# PENN Silverado 2000 Reel on a Freshwater Rod-Can it work?



## Tonyfish (Aug 9, 2007)

I bought a Penn silverado reel light weight graphite and I put it on a graphite Shakespeare rod and I seem to be having problems with being unable to toss the lures out far enough. Now I thought perhaps it was the fact that the light saltwater penn reel just couldn't work well with the light tackle rod however i realized i accidentally put 20 lb. test line on the reel the night before so I was thinking this might be the problem. However, do you think that it is simply just incompatible to use the freshwater rod with the silverado 2000 or is it just a problem with the line being to heavy?
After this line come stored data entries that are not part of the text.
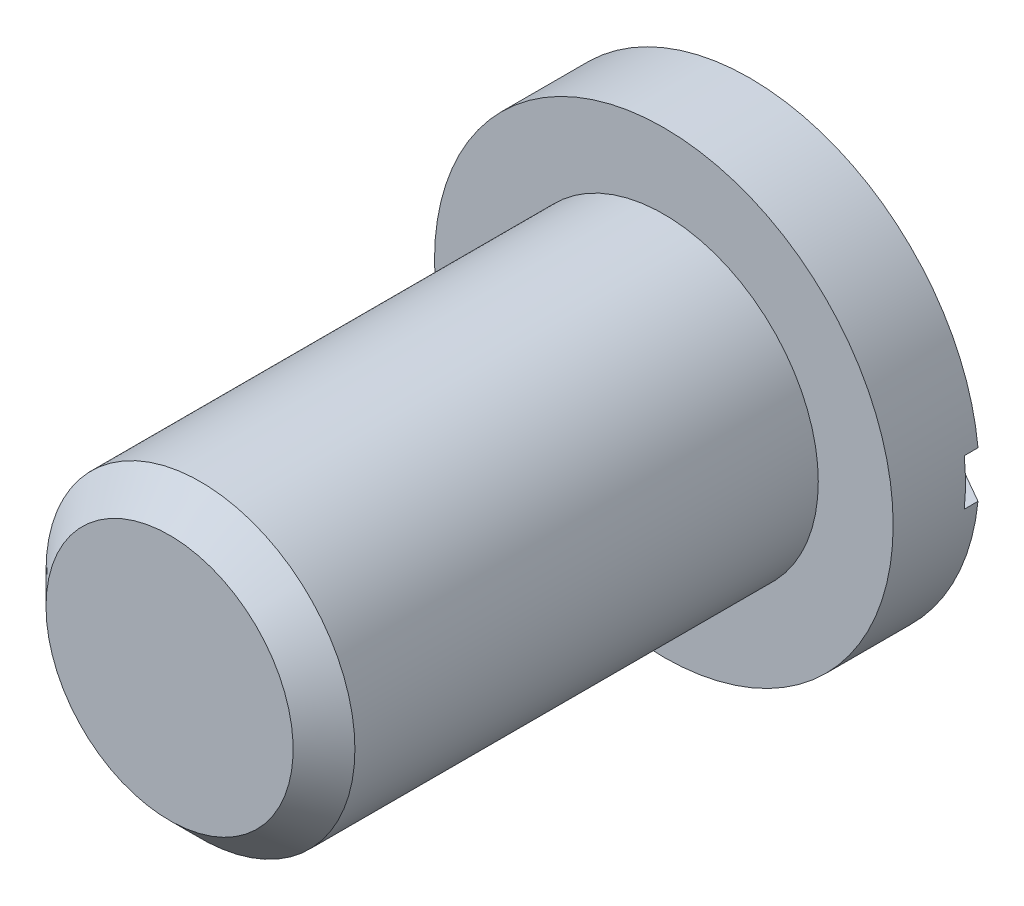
ISO-10303-21;
HEADER;
FILE_DESCRIPTION(('STEP AP214'),'2;1');
FILE_NAME('part.step','',(''),(''),'','','');
FILE_SCHEMA(('AUTOMOTIVE_DESIGN { 1 0 10303 214 1 1 1 1 }'));
ENDSEC;
DATA;
#1=APPLICATION_CONTEXT('core data for automotive mechanical design processes');
#2=APPLICATION_PROTOCOL_DEFINITION('international standard','automotive_design',2000,#1);
#3=PRODUCT_CONTEXT('',#1,'mechanical');
#4=PRODUCT('Part','Part','',(#3));
#5=PRODUCT_RELATED_PRODUCT_CATEGORY('part','',(#4));
#6=PRODUCT_DEFINITION_FORMATION('','',#4);
#7=PRODUCT_DEFINITION_CONTEXT('part definition',#1,'design');
#8=PRODUCT_DEFINITION('design','',#6,#7);
#9=PRODUCT_DEFINITION_SHAPE('','',#8);
#10=(LENGTH_UNIT() NAMED_UNIT(*) SI_UNIT(.MILLI.,.METRE.));
#11=(NAMED_UNIT(*) PLANE_ANGLE_UNIT() SI_UNIT($,.RADIAN.));
#12=(NAMED_UNIT(*) SI_UNIT($,.STERADIAN.) SOLID_ANGLE_UNIT());
#13=UNCERTAINTY_MEASURE_WITH_UNIT(LENGTH_MEASURE(1.E-05),#10,'distance_accuracy_value','');
#14=(GEOMETRIC_REPRESENTATION_CONTEXT(3) GLOBAL_UNCERTAINTY_ASSIGNED_CONTEXT((#13)) GLOBAL_UNIT_ASSIGNED_CONTEXT((#10,
#11,#12)) REPRESENTATION_CONTEXT('',''));
#15=CARTESIAN_POINT('',(0.,0.,0.));
#16=DIRECTION('',(0.,0.,1.));
#17=DIRECTION('',(1.,0.,0.));
#18=AXIS2_PLACEMENT_3D('',#15,#16,#17);
#19=CARTESIAN_POINT('',(0.,4.44099501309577,0.));
#20=DIRECTION('',(0.,0.,-1.));
#21=DIRECTION('',(-1.,0.,0.));
#22=AXIS2_PLACEMENT_3D('',#19,#20,#21);
#23=PLANE('',#22);
#24=DIRECTION('',(1.,0.,0.));
#25=VECTOR('',#24,1.);
#26=CARTESIAN_POINT('',(-6.35,-0.5953125,0.));
#27=LINE('',#26,#25);
#28=CARTESIAN_POINT('',(-4.40091351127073,-0.5953125,0.));
#29=VERTEX_POINT('',#28);
#30=CARTESIAN_POINT('',(4.40091351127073,-0.5953125,0.));
#31=VERTEX_POINT('',#30);
#32=EDGE_CURVE('E196',#29,#31,#27,.T.);
#33=ORIENTED_EDGE('',*,*,#32,.T.);
#34=CARTESIAN_POINT('',(0.,0.,0.));
#35=DIRECTION('',(0.,0.,-1.));
#36=DIRECTION('',(-1.,0.,0.));
#37=AXIS2_PLACEMENT_3D('',#34,#35,#36);
#38=CIRCLE('',#37,4.44099501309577);
#39=EDGE_CURVE('E107',#31,#29,#38,.T.);
#40=ORIENTED_EDGE('',*,*,#39,.T.);
#41=EDGE_LOOP('',(#33,#40));
#42=FACE_BOUND('',#41,.T.);
#43=ADVANCED_FACE('F37',(#42),#23,.T.);
#44=CARTESIAN_POINT('',(0.,0.,0.));
#45=DIRECTION('',(0.,0.,1.));
#46=DIRECTION('',(1.,0.,0.));
#47=AXIS2_PLACEMENT_3D('',#44,#45,#46);
#48=CONICAL_SURFACE('',#47,4.44099501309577,1.0471975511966);
#49=CARTESIAN_POINT('',(12.9822214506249,-0.5953125,4.9391556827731));
#50=CARTESIAN_POINT('',(12.4342294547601,-0.5953125,4.62311047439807));
#51=CARTESIAN_POINT('',(11.8862240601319,-0.5953125,4.30708847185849));
#52=CARTESIAN_POINT('',(10.790156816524,-0.5953125,3.675140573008));
#53=CARTESIAN_POINT('',(10.2420949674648,-0.5953125,3.35921467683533));
#54=CARTESIAN_POINT('',(9.14645986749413,-0.5953125,2.72783987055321));
#55=CARTESIAN_POINT('',(8.59888670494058,-0.5953125,2.41239080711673));
#56=CARTESIAN_POINT('',(7.5035974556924,-0.5953125,1.78174240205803));
#57=CARTESIAN_POINT('',(6.95588136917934,-0.5953125,1.46654306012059));
#58=CARTESIAN_POINT('',(6.13669606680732,-0.5953125,0.995617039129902));
#59=CARTESIAN_POINT('',(5.86533549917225,-0.5953125,0.839701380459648));
#60=CARTESIAN_POINT('',(5.32250596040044,-0.5953125,0.528057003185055));
#61=CARTESIAN_POINT('',(5.05103698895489,-0.5953125,0.372328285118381));
#62=CARTESIAN_POINT('',(4.50774951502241,-0.5953125,0.0610666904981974));
#63=CARTESIAN_POINT('',(4.23593090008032,-0.5953125,-0.0944659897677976));
#64=CARTESIAN_POINT('',(3.69200768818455,-0.5953125,-0.405025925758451));
#65=CARTESIAN_POINT('',(3.41990309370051,-0.5953125,-0.560053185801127));
#66=CARTESIAN_POINT('',(3.01193679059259,-0.5953125,-0.791483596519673));
#67=CARTESIAN_POINT('',(2.87629088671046,-0.5953125,-0.868267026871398));
#68=CARTESIAN_POINT('',(2.60478033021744,-0.5953125,-1.02145390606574));
#69=CARTESIAN_POINT('',(2.4689156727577,-0.5953125,-1.09785734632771));
#70=CARTESIAN_POINT('',(2.1970348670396,-0.5953125,-1.2499532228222));
#71=CARTESIAN_POINT('',(2.06101918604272,-0.5953125,-1.32564649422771));
#72=CARTESIAN_POINT('',(1.78843174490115,-0.5953125,-1.47601227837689));
#73=CARTESIAN_POINT('',(1.65186001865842,-0.5953125,-1.55068485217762));
#74=CARTESIAN_POINT('',(1.44526703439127,-0.5953125,-1.66168550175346));
#75=CARTESIAN_POINT('',(1.37564720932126,-0.5953125,-1.69875941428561));
#76=CARTESIAN_POINT('',(1.23598619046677,-0.5953125,-1.77213219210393));
#77=CARTESIAN_POINT('',(1.16594494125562,-0.5953125,-1.8084309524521));
#78=CARTESIAN_POINT('',(1.02493327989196,-0.5953125,-1.87996629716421));
#79=CARTESIAN_POINT('',(0.953960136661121,-0.5953125,-1.91519751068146));
#80=CARTESIAN_POINT('',(0.81103926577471,-0.5953125,-1.98362007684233));
#81=CARTESIAN_POINT('',(0.739091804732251,-0.5953125,-2.01681197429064));
#82=CARTESIAN_POINT('',(0.627105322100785,-0.5953125,-2.06501444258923));
#83=CARTESIAN_POINT('',(0.587642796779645,-0.5953125,-2.08135409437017));
#84=CARTESIAN_POINT('',(0.508104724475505,-0.5953125,-2.11245424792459));
#85=CARTESIAN_POINT('',(0.468029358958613,-0.5953125,-2.12721520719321));
#86=CARTESIAN_POINT('',(0.387417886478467,-0.5953125,-2.1543649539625));
#87=CARTESIAN_POINT('',(0.34688784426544,-0.5953125,-2.16677141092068));
#88=CARTESIAN_POINT('',(0.264974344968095,-0.5953125,-2.18838242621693));
#89=CARTESIAN_POINT('',(0.2235913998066,-0.5953125,-2.19758884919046));
#90=CARTESIAN_POINT('',(0.14910873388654,-0.5953125,-2.21014869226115));
#91=CARTESIAN_POINT('',(0.116152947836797,-0.5953125,-2.21433728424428));
#92=CARTESIAN_POINT('',(0.0499970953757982,-0.5953125,-2.21961343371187));
#93=CARTESIAN_POINT('',(0.0167971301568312,-0.5953125,-2.22070221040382));
#94=CARTESIAN_POINT('',(-0.0496293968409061,-0.5953125,-2.21964815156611));
#95=CARTESIAN_POINT('',(-0.0828558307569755,-0.5953125,-2.21749754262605));
#96=CARTESIAN_POINT('',(-0.148971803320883,-0.5953125,-2.21020473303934));
#97=CARTESIAN_POINT('',(-0.18186128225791,-0.5953125,-2.2050620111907));
#98=CARTESIAN_POINT('',(-0.260315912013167,-0.5953125,-2.18971049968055));
#99=CARTESIAN_POINT('',(-0.30564023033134,-0.5953125,-2.1782948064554));
#100=CARTESIAN_POINT('',(-0.395303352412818,-0.5953125,-2.152038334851));
#101=CARTESIAN_POINT('',(-0.439640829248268,-0.5953125,-2.13719321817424));
#102=CARTESIAN_POINT('',(-0.527656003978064,-0.5953125,-2.10515291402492));
#103=CARTESIAN_POINT('',(-0.571330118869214,-0.5953125,-2.08794805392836));
#104=CARTESIAN_POINT('',(-0.658006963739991,-0.5953125,-2.05199949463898));
#105=CARTESIAN_POINT('',(-0.701010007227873,-0.5953125,-2.03325654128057));
#106=CARTESIAN_POINT('',(-0.787338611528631,-0.5953125,-1.99434328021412));
#107=CARTESIAN_POINT('',(-0.830654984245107,-0.5953125,-1.97415273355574));
#108=CARTESIAN_POINT('',(-0.916916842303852,-0.5953125,-1.93299325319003));
#109=CARTESIAN_POINT('',(-0.959862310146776,-0.5953125,-1.91202428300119));
#110=CARTESIAN_POINT('',(-1.04535444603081,-0.5953125,-1.86958226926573));
#111=CARTESIAN_POINT('',(-1.08790188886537,-0.5953125,-1.8481107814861));
#112=CARTESIAN_POINT('',(-1.1727809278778,-0.5953125,-1.80475040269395));
#113=CARTESIAN_POINT('',(-1.21511253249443,-0.5953125,-1.7828615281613));
#114=CARTESIAN_POINT('',(-1.35352582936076,-0.5953125,-1.71064100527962));
#115=CARTESIAN_POINT('',(-1.44926655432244,-0.5953125,-1.65965672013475));
#116=CARTESIAN_POINT('',(-1.6402477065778,-0.5953125,-1.55675889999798));
#117=CARTESIAN_POINT('',(-1.73548811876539,-0.5953125,-1.50484533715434));
#118=CARTESIAN_POINT('',(-2.02075516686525,-0.5953125,-1.34823741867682));
#119=CARTESIAN_POINT('',(-2.21031017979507,-0.5953125,-1.242685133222));
#120=CARTESIAN_POINT('',(-2.58906459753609,-0.5953125,-1.03042110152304));
#121=CARTESIAN_POINT('',(-2.77826330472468,-0.5953125,-0.923708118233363));
#122=CARTESIAN_POINT('',(-3.15631998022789,-0.5953125,-0.709702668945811));
#123=CARTESIAN_POINT('',(-3.3451779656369,-0.5953125,-0.602410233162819));
#124=CARTESIAN_POINT('',(-3.71982731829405,-0.5953125,-0.389109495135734));
#125=CARTESIAN_POINT('',(-3.90562168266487,-0.5953125,-0.283106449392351));
#126=CARTESIAN_POINT('',(-4.27708560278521,-0.5953125,-0.0708759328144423));
#127=CARTESIAN_POINT('',(-4.46275515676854,-0.5953125,0.0353515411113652));
#128=CARTESIAN_POINT('',(-5.01948510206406,-0.5953125,0.354173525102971));
#129=CARTESIAN_POINT('',(-5.39041658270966,-0.5953125,0.566993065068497));
#130=CARTESIAN_POINT('',(-6.35723674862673,-0.5953125,1.12223074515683));
#131=CARTESIAN_POINT('',(-6.9529861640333,-0.5953125,1.46489125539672));
#132=CARTESIAN_POINT('',(-8.14437329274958,-0.5953125,2.15061750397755));
#133=CARTESIAN_POINT('',(-8.74001097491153,-0.5953125,2.49368329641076));
#134=CARTESIAN_POINT('',(-9.94349877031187,-0.5953125,3.18710739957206));
#135=CARTESIAN_POINT('',(-10.5513465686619,-0.5953125,3.53746972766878));
#136=CARTESIAN_POINT('',(-11.7668749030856,-0.5953125,4.2382648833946));
#137=CARTESIAN_POINT('',(-12.3745554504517,-0.5953125,4.58869769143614));
#138=CARTESIAN_POINT('',(-12.9822214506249,-0.5953125,4.9391556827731));
#139=B_SPLINE_CURVE_WITH_KNOTS('',3,(#49,#50,#51,#52,#53,#54,#55,#56,#57,#58,#59,#60,#61,#62,
#63,#64,#65,#66,#67,#68,#69,#70,#71,#72,#73,#74,#75,#76,#77,#78,#79,#80,#81,#82,#83,#84,#85,#86,
#87,#88,#89,#90,#91,#92,#93,#94,#95,#96,#97,#98,#99,#100,#101,#102,#103,#104,#105,#106,#107,
#108,#109,#110,#111,#112,#113,#114,#115,#116,#117,#118,#119,#120,#121,#122,#123,#124,#125,#126,
#127,#128,#129,#130,#131,#132,#133,#134,#135,#136,#137,#138),.UNSPECIFIED.,.F.,.F.,(4,2,2,2,2,2,
2,2,2,2,2,2,2,2,2,2,2,2,2,2,2,2,2,2,2,2,2,2,2,2,2,2,2,2,2,2,2,2,2,2,2,2,2,2,4),(0.,
1.8977930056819,3.79558872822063,5.69139996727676,7.58720880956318,8.52609974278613,
9.46499336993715,10.4045047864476,11.3440081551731,11.8116183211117,12.2792389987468,
12.7462148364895,13.2131626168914,13.4497873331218,13.6864438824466,13.9241407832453,
14.1617739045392,14.2898861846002,14.4179612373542,14.5450334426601,14.6720314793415,
14.7715668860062,14.871063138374,14.9707985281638,15.0705512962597,15.2105590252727,
15.3507448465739,15.4915234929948,15.6322342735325,15.7755961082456,15.9189646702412,
16.0619364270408,16.2049025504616,16.5303007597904,16.8557087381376,17.5065839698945,
18.1582385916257,18.8098595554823,19.4515803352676,20.0933100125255,21.376251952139,
23.4380475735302,25.5001594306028,27.6049383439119,29.7093881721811),.UNSPECIFIED.);
#140=CARTESIAN_POINT('',(5.86265254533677,-0.5953125,0.838199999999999));
#141=VERTEX_POINT('',#140);
#142=EDGE_CURVE('E204',#141,#31,#139,.T.);
#143=ORIENTED_EDGE('',*,*,#142,.F.);
#144=CARTESIAN_POINT('',(0.,0.,0.838199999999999));
#145=DIRECTION('',(0.,0.,-1.));
#146=DIRECTION('',(-1.,0.,0.));
#147=AXIS2_PLACEMENT_3D('',#144,#145,#146);
#148=CIRCLE('',#147,5.8928);
#149=CARTESIAN_POINT('',(-5.86265254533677,-0.5953125,0.838199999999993));
#150=VERTEX_POINT('',#149);
#151=EDGE_CURVE('E106',#141,#150,#148,.T.);
#152=ORIENTED_EDGE('',*,*,#151,.T.);
#153=EDGE_CURVE('E97',#29,#150,#139,.T.);
#154=ORIENTED_EDGE('',*,*,#153,.F.);
#155=ORIENTED_EDGE('',*,*,#39,.F.);
#156=EDGE_LOOP('',(#143,#152,#154,#155));
#157=FACE_BOUND('',#156,.T.);
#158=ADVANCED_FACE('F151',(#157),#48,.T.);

Thanks for reading.

TF


----------



## Sandcrab (Mar 20, 2002)

What model? Some can handle freshwater.

SV 2000 - 200 yds of 6 lb test mono
SV 4000 - 200/10 lb
SV 5000 - 200/12 lb
SV 6000 - 225/16 lb
SV 8000 - 275/20 lb test

Sandcrab


----------



## Tonyfish (Aug 9, 2007)

sv2000


----------



## Sandcrab (Mar 20, 2002)

Put 6 lb test on the reel and you should be good to go - provided of course - your rod handles up to (or including) 6 lb test line. Read the rod for specs..

Sandcrab


----------



## Tonyfish (Aug 9, 2007)

thanks for the help i got it good to go now.


----------